Mi emozionavo, ascoltando Stefano che raccontava come per
lui a volte diventasse luogo di interiorità la sala
d'aspetto di una stazione o di un aeroporto: proprio in
una sala d'aspetto affollata, giorni prima gli era capitato
di digitare le parole di benedizione del suo matrimonio
e di trasalire a quelle parole.
Mentre ne ascoltavo la voce e guardavo gli occhi di Luisa
che lo coprivano, nel cuore mi ritornavano le parole di
Madeleine Delbrêl, la sua interiorità, vissuta
-per vocazione- sulle strade.
"Se i monasteri appaiono come i luoghi della lode e
come i luoghi del silenzio necessari alla lode, nelle strade,
schiacciati tra la folla, noi stabiliamo le nostre anime
come altrettante cavità di silenzio dove la Parola
di Dio può fermarsi e risuonare".
"Nelle strade, sul metrò, in questa folla, cuore
contro cuore, schiacciata tra tanti corpi, sul nostro sedile
dove tre sconosciuti ci tengono compagnia, nella strada
scura, il nostro cuore palpita come un pugno chiuso su un
uccellino. Poter percorrere tutte le strade, sedersi in
tutti i metrò, salire tutte le scale, portare il
Signore dappertutto. E poi pregare, pregare come si prega
in mezzo ad altri deserti, pregare per tutta questa gente
così vicina a noi e così vicina a Dio... ".
Immaginare
spazi, immaginare tempi. Senza arrendersi.

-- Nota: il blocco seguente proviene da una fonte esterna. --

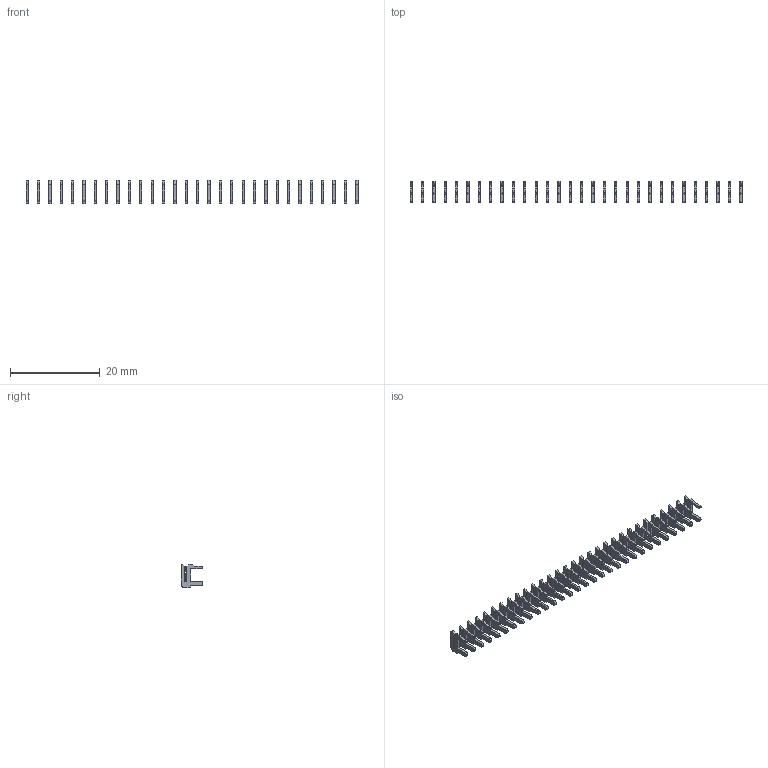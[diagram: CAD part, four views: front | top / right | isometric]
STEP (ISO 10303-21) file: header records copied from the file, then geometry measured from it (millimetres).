
FILE_DESCRIPTION (( 'STEP AP203' ), '1' );
FILE_NAME ('105-030-208-100.STEP', '2020-04-07T23:27:29', ( '' ), ( '' ), 'SwSTEP 2.0', 'SolidWorks 2016', '' );
FILE_SCHEMA (( 'CONFIG_CONTROL_DESIGN' ));
Length unit declared in the file: inch
Products named in the file (2): 105-030-208-100; 100-290-001_100-290-208
Assembly tree (30 placements, depth 2):
  105-030-208-100
    100-290-001_100-290-208  x30
Bounding box: 74.17 x 4.83 x 5.17 mm (x, y, z)
Volume: 206.4 mm3; surface area: 1274.9 mm2
Topology: 30 solids, 30 shells, 750 faces, 2070 edges, 1380 vertices
Faces by surface type: plane 660, cylinder 90
Entity records: 1917 total; most frequent: DIRECTION 191, CARTESIAN_POINT 173, ORIENTED_EDGE 138, LOCAL_TIME 70, DATE_AND_TIME 70, CALENDAR_DATE 70, COORDINATED_UNIVERSAL_TIME_OFFSET 70, EDGE_CURVE 69

E' venerdì sera, pensi alla settimana "lunga"
da cui vengono i fidanzati, sono le ventitrè e quasi
non ci siamo accorti.
Per rispetto alla stanchezza di ognuno pensi sia opportuno
chiudere l'incontro e poi ti trovi davanti gli occhi di
Francesca che ti dice che il suo desiderio sarebbe stato
quello di continuare ancora a lungo, perché queste
riflessioni la appassionano. Glielo leggi negli occhi.
Immaginare spazi, immaginare tempi. Ognuno i suoi. Senza
arrendersi. La sala di una parrocchia o la sala d'aspetto
di una stazione o di un aeroporto. O un angolo della casa.
La tua.
Immaginare spazi, immaginare tempi. Senza arrendersi. Per
non finire espropriati come schiavi. Perché nessuno
si ritrovi uomo di successo, donna di successo, ma aridi.
Trovare tempo. Puoi anche dire che non hai tempo in queste
sere o in queste mattine di maggio, di dare l'acqua ai gerani,
che danno bellezza ai balconi di questa città. Ma
conosci il prezzo: li troverai presto irrimediabilmente
inariditi. Così la vita.
Ogni sera, ogni mattina guardo con emozione con quanto desiderio
la terra nei vasi dei fiori beva l'acqua quasi ne fosse
in attesa.
Acqua non inquinata, da roccia durissima, la tua Parola,
Signore. Acqua non inquinata, da roccia durissima, gli occhi
di Anna, di Luisa e di Stefano, gli occhi di Francesca.
Mi insegnano che c'è tempo. Tempo per ogni cosa.